From the line that contains "Kps/1 -> Sum1/1" to the final line of the entries below, write out every line exactly as it appears, and nothing else.

**EXTRACTED ENTRIES:**
━━━━━━━━
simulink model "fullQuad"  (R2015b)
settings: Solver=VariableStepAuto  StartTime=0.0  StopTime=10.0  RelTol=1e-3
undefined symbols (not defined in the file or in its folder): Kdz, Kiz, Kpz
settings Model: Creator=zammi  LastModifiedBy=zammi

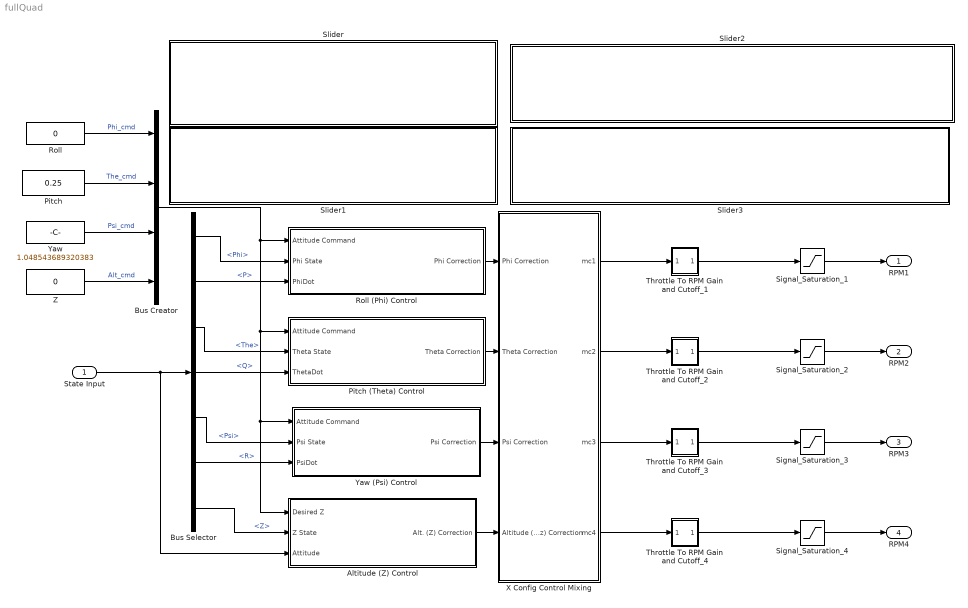
== system fullQuad ==
  State Input : Inport
  Altitude (Z) Control : Subsystem  mask{Kps=4, Kis=0.5, Kds=3.5, LimitOutput=on, USat=1, LSat=-1}
      mask prompts: Kps "Kp"; Kis "Ki"; Kds "Kd"; LimitOutput "Integral Saturation?"; USat "Upper saturation limit:"; LSat "Lower saturation limit:"
      mask help: Adjust PID controller gains through this mask interface, or "look under mask" for more detailed adjustments.
      mask TypeOptions Kps: Kps/Gain
      mask TypeOptions Kis: Kit/Gain
      mask TypeOptions Kds: Kds/Gain
      mask TypeOptions LimitOutput:
      | Integrator
      | Limited/LimitOutput
      mask TypeOptions USat:
      | Integrator
      | Limited/UpperSaturationLimit
      mask TypeOptions LSat:
      | Integrator
      | Limited/LowerSaturationLimit
      mask Display:
      | fprintf(['Kp = ' num2str(Kps) '\n' ...
      |     'Ki = ' num2str(Kis) '\n' ...
      |     'Kd = ' num2str(Kds) '\n' ...
      |     'Integral Saturation: ' LimitOutput]);
      | if strcmp(LimitOutput,'on')
      |     fprintf([' \n' ' \n' ' \n' ' \n' '\n' ...
      |         'Limits: ' num2str(USat) ' to ' num2str(LSat)]);
      | end
  Bus Creator : BusCreator  Inputs=4
  Bus Selector : BusSelector  OutputSignals=Phi,P,The,Q,Psi,R,Z
  Pitch : Constant  Value=0.25
  Pitch (Theta) Control : Subsystem  mask{Kpt=2, Kit=1.1, Kdt=1.2, LimitOutput=on, USat=1, LSat=-1}
      mask prompts: Kpt "Kp"; Kit "Ki"; Kdt "Kd"; LimitOutput "Integral Saturation?"; USat "Upper saturation limit:"; LSat "Lower saturation limit:"
      mask help: Adjust PID controller gains through this mask interface, or "look under mask" for more detailed adjustments.
      mask TypeOptions Kpt: Kpt/Gain
      mask TypeOptions Kit: Kit/Gain
      mask TypeOptions Kdt: Kdt/Gain
      mask TypeOptions LimitOutput:
      | Integrator
      | Limited/LimitOutput
      mask TypeOptions USat:
      | Integrator
      | Limited/UpperSaturationLimit
      mask TypeOptions LSat:
      | Integrator
      | Limited/LowerSaturationLimit
      mask Display:
      | fprintf(['Kp = ' num2str(Kpt) '\n' ...
      |     'Ki = ' num2str(Kit) '\n' ...
      |     'Kd = ' num2str(Kdt) '\n' ...
      |     'Integral Saturation: ' LimitOutput]);
      | if strcmp(LimitOutput,'on')
      |     fprintf([' \n' ' \n' ' \n' ' \n' '\n' ...
      |         'Limits: ' num2str(USat) ' to ' num2str(LSat)]);
      | end
  Roll : Constant  Value=0
  "Roll (Phi) Control " : Subsystem  mask{Kpp=2.0, Kip=1.1, Kdp=1.2, LimitOutput=on, USat=1, LSat=-1}
      mask prompts: Kpp "Kp"; Kip "Ki"; Kdp "Kd"; LimitOutput "Integral Saturation:"; USat "Upper saturation limit:"; LSat "Lower saturation limit:"
      mask help:
      | Adjust PID controller gains through this mask interface, or "look under mask"
      | for more detailed adjustments.
      mask TypeOptions Kpp: Kpp/Gain
      mask TypeOptions Kip: Kip/Gain
      mask TypeOptions Kdp: Kdp/Gain
      mask TypeOptions LimitOutput:
      | Integrator
      | Limited/LimitOutput
      mask TypeOptions USat:
      | Integrator
      | Limited/UpperSaturationLimit
      mask TypeOptions LSat:
      | Integrator
      | Limited/LowerSaturationLimit
      mask Display:
      | fprintf(['Kp = ' num2str(Kpp) '\n' ...
      |     'Ki = ' num2str(Kip) '\n' ...
      |     'Kd = ' num2str(Kdp) '\n'...
      |     'Integral Saturation: ' LimitOutput]);
      | if strcmp(LimitOutput,'on')
      |     fprintf([' \n' ' \n' ' \n' ' \n' '\n' ...
      |         'Limits: ' num2str(USat) ' to ' num2str(LSat)]);
      | end
  Signal_Saturation_{1..4} (4 alike) : Saturate  UpperLimit=100  LowerLimit=0
  Slider : Subsystem  DialogController=hmiCreateDDGDialog  IsWebBlock=on  mask(MWDashboardBlock){webBlockId=0419c70c-7b47-4291-9eac-865c63286a7b, webBlockType=slider, ShowInLibBrowser=on, ShowInitialText=on, HMISrcModelName=fullQuad}
      mask prompts: webBlockId "WebBlock Id"; webBlockType "WebBlock Type"; HMISrcModelName "Source Model"
      mask Help: helpview([docroot '/mapfiles/simulink.map'], 'hmi_slider')
      mask Display:
      | if strcmp(get_param(bdroot(gcb),'BlockDiagramType'), 'library')
      |     image([(matlabroot) '/toolbox/simulink/hmi/icons/Slider.png']);
      | end
  Slider1 : Subsystem  DialogController=hmiCreateDDGDialog  IsWebBlock=on  mask(MWDashboardBlock){webBlockId=4e81a138-6498-4852-bbd2-b98984e1b10d, webBlockType=slider, ShowInLibBrowser=on, ShowInitialText=on, HMISrcModelName=fullQuad}
      mask prompts: webBlockId "WebBlock Id"; webBlockType "WebBlock Type"; HMISrcModelName "Source Model"
      mask Help: helpview([docroot '/mapfiles/simulink.map'], 'hmi_slider')
      mask Display:
      | if strcmp(get_param(bdroot(gcb),'BlockDiagramType'), 'library')
      |     image([(matlabroot) '/toolbox/simulink/hmi/icons/Slider.png']);
      | end
  Slider2 : Subsystem  DialogController=hmiCreateDDGDialog  IsWebBlock=on  mask(MWDashboardBlock){webBlockId=8c4778a8-07db-4e45-b472-43a282c43db5, webBlockType=slider, ShowInLibBrowser=on, ShowInitialText=on, HMISrcModelName=fullQuad}
      mask prompts: webBlockId "WebBlock Id"; webBlockType "WebBlock Type"; HMISrcModelName "Source Model"
      mask Help: helpview([docroot '/mapfiles/simulink.map'], 'hmi_slider')
      mask Display:
      | if strcmp(get_param(bdroot(gcb),'BlockDiagramType'), 'library')
      |     image([(matlabroot) '/toolbox/simulink/hmi/icons/Slider.png']);
      | end
  Slider3 : Subsystem  DialogController=hmiCreateDDGDialog  IsWebBlock=on  mask(MWDashboardBlock){webBlockId=77a46dde-f482-42ed-a092-3b6eb75c3e55, webBlockType=slider, ShowInLibBrowser=on, ShowInitialText=on, HMISrcModelName=fullQuad}
      mask prompts: webBlockId "WebBlock Id"; webBlockType "WebBlock Type"; HMISrcModelName "Source Model"
      mask Help: helpview([docroot '/mapfiles/simulink.map'], 'hmi_slider')
      mask Display:
      | if strcmp(get_param(bdroot(gcb),'BlockDiagramType'), 'library')
      |     image([(matlabroot) '/toolbox/simulink/hmi/icons/Slider.png']);
      | end
  Throttle To RPM Gain and Cutoff_1 : Subsystem
  Throttle To RPM Gain and Cutoff_2 : Subsystem
  Throttle To RPM Gain and Cutoff_3 : Subsystem
  Throttle To RPM Gain and Cutoff_4 : Subsystem
  X Config Control Mixing : Subsystem
  Yaw : Constant  Value=1.048543689320383
  Yaw (Psi) Control : Subsystem  mask{Kps=4, Kis=0.5, Kds=3.5, LimitOutput=on, USat=1, LSat=-1}
      mask prompts: Kps "Kp"; Kis "Ki"; Kds "Kd"; LimitOutput "Integral Saturation?"; USat "Upper saturation limit:"; LSat "Lower saturation limit:"
      mask help: Adjust PID controller gains through this mask interface, or "look under mask" for more detailed adjustments.
      mask TypeOptions Kps: Kps/Gain
      mask TypeOptions Kis: Kit/Gain
      mask TypeOptions Kds: Kds/Gain
      mask TypeOptions LimitOutput:
      | Integrator
      | Limited/LimitOutput
      mask TypeOptions USat:
      | Integrator
      | Limited/UpperSaturationLimit
      mask TypeOptions LSat:
      | Integrator
      | Limited/LowerSaturationLimit
      mask Display:
      | fprintf(['Kp = ' num2str(Kps) '\n' ...
      |     'Ki = ' num2str(Kis) '\n' ...
      |     'Kd = ' num2str(Kds) '\n' ...
      |     'Integral Saturation: ' LimitOutput]);
      | if strcmp(LimitOutput,'on')
      |     fprintf([' \n' ' \n' ' \n' ' \n' '\n' ...
      |         'Limits: ' num2str(USat) ' to ' num2str(LSat)]);
      | end
  Z : Constant  Value=0
  RPM1 : Outport
  RPM2 : Outport  Port=2
  RPM3 : Outport  Port=3
  RPM4 : Outport  Port=4
  wires:
  Z/1 -> Bus Creator/4  "Alt_cmd"
  Yaw/1 -> Bus Creator/3  "Psi_cmd"
  Pitch/1 -> Bus Creator/2  "The_cmd"
  Roll/1 -> Bus Creator/1  "Phi_cmd"
  Bus Selector/6 -> Yaw (Psi) Control/3(PsiDot)  "<R>"
  Bus Selector/4 -> Pitch (Theta) Control/3(ThetaDot)  "<Q>"
  Bus Selector/2 -> "Roll (Phi) Control "/3(PhiDot)  "<P>"
  Bus Selector/3 -> Pitch (Theta) Control/2(Theta State)  "<The>"
  Bus Selector/7 -> Altitude (Z) Control/2(Z State)  "<Z>"
  Bus Selector/5 -> Yaw (Psi) Control/2(Psi State)  "<Psi>"
  State Input/1 -> Altitude (Z) Control/3(Attitude), Bus Selector/1
  Bus Selector/1 -> "Roll (Phi) Control "/2(Phi State)  "<Phi>"
  "Roll (Phi) Control "/1(Phi Correction) -> X Config Control Mixing/1(Phi Correction)
  Pitch (Theta) Control/1(Theta Correction) -> X Config Control Mixing/2(Theta Correction)
  Altitude (Z) Control/1(Alt. (Z) Correction) -> X Config Control Mixing/4(Altitude (z) Correction)
  Yaw (Psi) Control/1(Psi Correction) -> X Config Control Mixing/3(Psi Correction)
  Throttle To RPM Gain and Cutoff_4/1(Out5) -> Signal_Saturation_4/1
  Throttle To RPM Gain and Cutoff_3/1(Out5) -> Signal_Saturation_3/1
  Throttle To RPM Gain and Cutoff_2/1(Out) -> Signal_Saturation_2/1
  Throttle To RPM Gain and Cutoff_1/1(Out5) -> Signal_Saturation_1/1
  X Config Control Mixing/4(mc4) -> Throttle To RPM Gain and Cutoff_4/1(In5)
  X Config Control Mixing/3(mc3) -> Throttle To RPM Gain and Cutoff_3/1(In5)
  X Config Control Mixing/2(mc2) -> Throttle To RPM Gain and Cutoff_2/1(In)
  X Config Control Mixing/1(mc1) -> Throttle To RPM Gain and Cutoff_1/1(In5)
  Signal_Saturation_1/1 -> RPM1/1
  Signal_Saturation_2/1 -> RPM2/1
  Signal_Saturation_4/1 -> RPM4/1
  Signal_Saturation_3/1 -> RPM3/1
  Bus Creator/1 -> Altitude (Z) Control/1(Desired Z), Yaw (Psi) Control/1(Attitude Command), Pitch (Theta) Control/1(Attitude Command), "Roll (Phi) Control "/1("Attitude Command ")

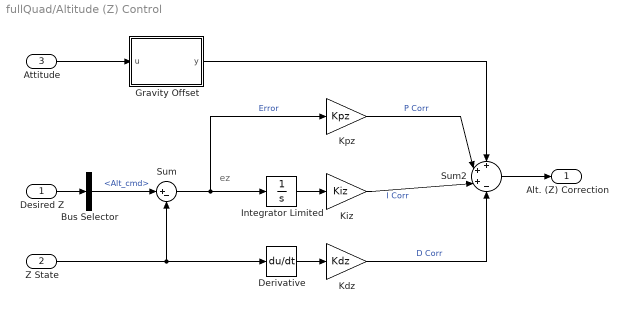
== system fullQuad/Altitude (Z) Control ==
  note: ez
  Desired Z : Inport
  Z State : Inport  Port=2
  Attitude : Inport  Port=3
  Bus Selector : BusSelector  OutputSignals=Alt_cmd
  Derivative : Derivative
  Gravity Offset : MATLAB Function  TreatAsAtomicUnit=on
  Integrator Limited : Integrator  LimitOutput=on  UpperSaturationLimit=USat  LowerSaturationLimit=LSat
  Kdz : Gain  Gain=Kdz
  Kiz : Gain  Gain=Kiz
  Kpz : Gain  Gain=Kpz
  Sum : Sum  Inputs=|+-
  Sum2 : Sum  Inputs=+++-
  Alt. (Z) Correction : Outport
  wires:
  Gravity Offset/1(y) -> Sum2/1
  Desired Z/1 -> Bus Selector/1
  Z State/1 -> Derivative/1, Sum/2
  Sum2/1 -> Alt. (Z) Correction/1
  Kpz/1 -> Sum2/2  "P Corr"
  Sum/1 -> Integrator Limited/1, Kpz/1  "Error"
  Kiz/1 -> Sum2/3  "I Corr"
  Kdz/1 -> Sum2/4  "D Corr"
  Integrator Limited/1 -> Kiz/1
  Bus Selector/1 -> Sum/1  "<Alt_cmd>"
  Derivative/1 -> Kdz/1
  Attitude/1 -> Gravity Offset/1(u)

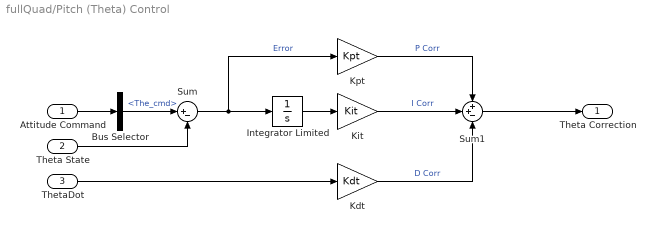
== system fullQuad/Pitch (Theta) Control ==
  Attitude Command : Inport
  Theta State : Inport  Port=2
  ThetaDot : Inport  Port=3
  Bus Selector : BusSelector  OutputSignals=The_cmd
  Integrator Limited : Integrator  LimitOutput=on  UpperSaturationLimit=USat  LowerSaturationLimit=LSat
  Kdt : Gain  Gain=Kdt
  Kit : Gain  Gain=Kit
  Kpt : Gain  Gain=Kpt
  Sum : Sum  Inputs=|+-
  Sum1 : Sum  Inputs=++-
  Theta Correction : Outport
  wires:
  Sum/1 -> Integrator Limited/1, Kpt/1  "Error"
  Attitude Command/1 -> Bus Selector/1
  Theta State/1 -> Sum/2
  Sum1/1 -> Theta Correction/1
  Kpt/1 -> Sum1/1  "P Corr"
  Kdt/1 -> Sum1/3  "D Corr"
  Kit/1 -> Sum1/2  "I Corr"
  Integrator Limited/1 -> Kit/1
  Bus Selector/1 -> Sum/1  "<The_cmd>"
  ThetaDot/1 -> Kdt/1

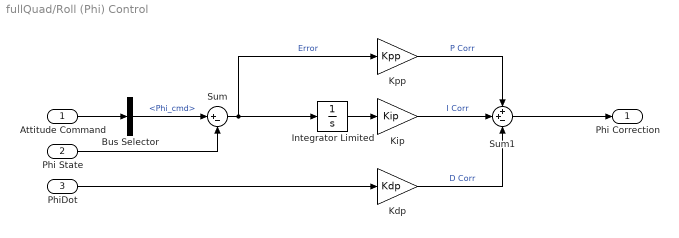
== system fullQuad/Roll (Phi) Control  ==
  "Attitude Command " : Inport
  Phi State : Inport  Port=2
  PhiDot : Inport  Port=3
  Bus Selector : BusSelector  OutputSignals=Phi_cmd
  Integrator Limited : Integrator  LimitOutput=on  UpperSaturationLimit=USat  LowerSaturationLimit=LSat
  Kdp : Gain  Gain=Kdp
  Kip : Gain  Gain=Kip
  Kpp : Gain  Gain=Kpp
  Sum : Sum  Inputs=|+-
  Sum1 : Sum  Inputs=++-
  Phi Correction : Outport
  wires:
  Sum/1 -> Integrator Limited/1, Kpp/1  "Error"
  Phi State/1 -> Sum/2
  Sum1/1 -> Phi Correction/1
  Kpp/1 -> Sum1/1  "P Corr"
  Kdp/1 -> Sum1/3  "D Corr"
  Kip/1 -> Sum1/2  "I Corr"
  Integrator Limited/1 -> Kip/1
  "Attitude Command "/1 -> Bus Selector/1
  Bus Selector/1 -> Sum/1  "<Phi_cmd>"
  PhiDot/1 -> Kdp/1

== system fullQuad/Slider ==

== system fullQuad/Slider1 ==

== system fullQuad/Slider2 ==

== system fullQuad/Slider3 ==

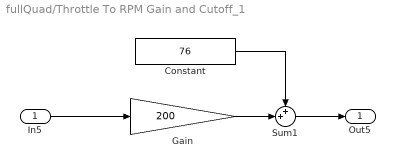
== system fullQuad/Throttle To RPM Gain and Cutoff_1 ==
  In5 : Inport
  Constant : Constant  Value=76
  Gain : Gain  Gain=200
  Sum1 : Sum  Inputs=++|
  Out5 : Outport
  wires:
  Sum1/1 -> Out5/1
  In5/1 -> Gain/1
  Gain/1 -> Sum1/2
  Constant/1 -> Sum1/1

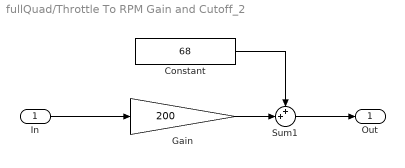
== system fullQuad/Throttle To RPM Gain and Cutoff_2 ==
  In : Inport
  Constant : Constant  Value=68
  Gain : Gain  Gain=200
  Sum1 : Sum  Inputs=++|
  Out : Outport
  wires:
  Sum1/1 -> Out/1
  In/1 -> Gain/1
  Gain/1 -> Sum1/2
  Constant/1 -> Sum1/1

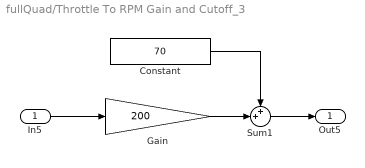
== system fullQuad/Throttle To RPM Gain and Cutoff_3 ==
  In5 : Inport
  Constant : Constant  Value=70
  Gain : Gain  Gain=200
  Sum1 : Sum  Inputs=++|
  Out5 : Outport
  wires:
  Sum1/1 -> Out5/1
  In5/1 -> Gain/1
  Gain/1 -> Sum1/2
  Constant/1 -> Sum1/1

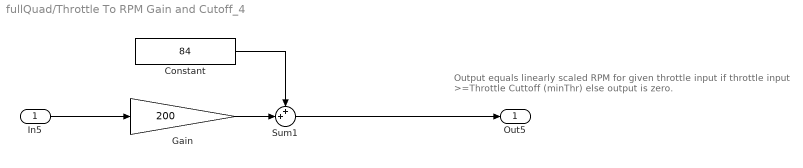
== system fullQuad/Throttle To RPM Gain and Cutoff_4 ==
  note: Output equals linearly scaled RPM
      | for given throttle input if throttle input >=Throttle Cuttoff (minThr)
      | else output is zero.
  In5 : Inport
  Constant : Constant  Value=84
  Gain : Gain  Gain=200
  Sum1 : Sum  Inputs=++|
  Out5 : Outport
  wires:
  Sum1/1 -> Out5/1
  In5/1 -> Gain/1
  Gain/1 -> Sum1/2
  Constant/1 -> Sum1/1

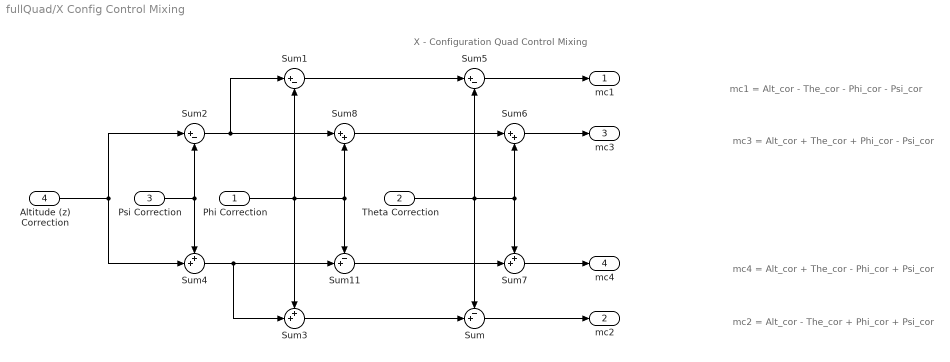
== system fullQuad/X Config Control Mixing ==
  note: mc1 = Alt_cor - The_cor - Phi_cor - Psi_cor
  note: X - Configuration Quad Control Mixing
  note: mc3 = Alt_cor + The_cor + Phi_cor - Psi_cor
  note: mc2 = Alt_cor - The_cor + Phi_cor + Psi_cor
  note: mc4 = Alt_cor + The_cor - Phi_cor + Psi_cor
  Phi Correction : Inport
  Theta Correction : Inport  Port=2
  Psi Correction : Inport  Port=3
  Altitude (z) Correction : Inport  Port=4
  Sum : Sum  Inputs=-+|
  Sum1 : Sum  Inputs=|+-
  Sum11 : Sum  Inputs=-+|
  Sum2 : Sum  Inputs=|+-
  Sum3 : Sum  Inputs=++|
  Sum4 : Sum  Inputs=++|
  Sum5 : Sum  Inputs=|+-
  Sum6 : Sum  Inputs=|++
  Sum7 : Sum  Inputs=++|
  Sum8 : Sum  Inputs=|++
  mc1 : Outport
  mc2 : Outport  Port=2
  mc3 : Outport  Port=3
  mc4 : Outport  Port=4
  wires:
  Sum2/1 -> Sum8/1, Sum1/1
  Psi Correction/1 -> Sum4/1, Sum2/2
  Phi Correction/1 -> Sum3/1, Sum1/2, Sum8/2, Sum11/1
  Sum4/1 -> Sum3/2, Sum11/2
  Sum3/1 -> Sum/2
  Theta Correction/1 -> Sum7/1, Sum6/2, Sum5/2, Sum/1
  Sum1/1 -> Sum5/1
  Sum8/1 -> Sum6/1
  Sum11/1 -> Sum7/2
  Sum5/1 -> mc1/1
  Sum6/1 -> mc3/1
  Sum7/1 -> mc4/1
  Altitude (z) Correction/1 -> Sum2/1, Sum4/2
  Sum/1 -> mc2/1

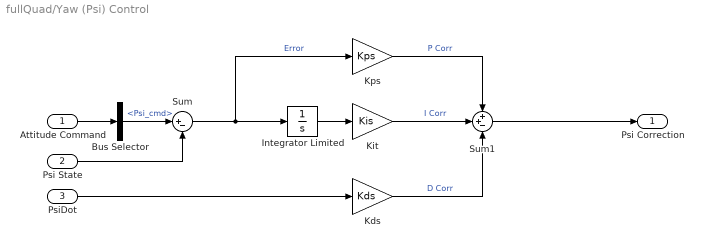
== system fullQuad/Yaw (Psi) Control ==
  Attitude Command : Inport
  Psi State : Inport  Port=2
  PsiDot : Inport  Port=3
  Bus Selector : BusSelector  OutputSignals=Psi_cmd
  Integrator Limited : Integrator  LimitOutput=on  UpperSaturationLimit=USat  LowerSaturationLimit=LSat
  Kds : Gain  Gain=Kds
  Kit : Gain  Gain=Kis
  Kps : Gain  Gain=Kps
  Sum : Sum  Inputs=|+-
  Sum1 : Sum  Inputs=++-
  Psi Correction : Outport
  wires:
  Sum/1 -> Integrator Limited/1, Kps/1  "Error"
  Attitude Command/1 -> Bus Selector/1
  Sum1/1 -> Psi Correction/1
  Psi State/1 -> Sum/2
  Kps/1 -> Sum1/1  "P Corr"
  Kds/1 -> Sum1/3  "D Corr"
  Kit/1 -> Sum1/2  "I Corr"
  Integrator Limited/1 -> Kit/1
  Bus Selector/1 -> Sum/1  "<Psi_cmd>"
  PsiDot/1 -> Kds/1

== matlab function fullQuad/Altitude (Z) Control/Gravity Offset ==
  data: u input; y output
function y = fcn(u)
%#codegen
c1 = cosd(YPR(1));c2 = cosd(YPR(2));c3 = cosd(YPR(3));
s1 = sind(YPR(1));s2 = sind(YPR(2));s3 = sind(YPR(3));
DCM =  [c2*c1 c2*s1 -s2;...
        s3*s2*c1-c3*s1 s3*s2*s1+c3*c1 s3*c2;...
        c3*s2*c1+s3*s1 c3*s2*s1-s3*c1 c3*c2];


y = u;
━━━━━━━━
**REPLY:**
  Kps/1 -> Sum1/1  "P Corr"
  Kds/1 -> Sum1/3  "D Corr"
  Kit/1 -> Sum1/2  "I Corr"
  Integrator Limited/1 -> Kit/1
  Bus Selector/1 -> Sum/1  "<Psi_cmd>"
  PsiDot/1 -> Kds/1

== matlab function fullQuad/Altitude (Z) Control/Gravity Offset ==
  data: u input; y output
function y = fcn(u)
%#codegen
c1 = cosd(YPR(1));c2 = cosd(YPR(2));c3 = cosd(YPR(3));
s1 = sind(YPR(1));s2 = sind(YPR(2));s3 = sind(YPR(3));
DCM =  [c2*c1 c2*s1 -s2;...
        s3*s2*c1-c3*s1 s3*s2*s1+c3*c1 s3*c2;...
        c3*s2*c1+s3*s1 c3*s2*s1-s3*c1 c3*c2];


y = u;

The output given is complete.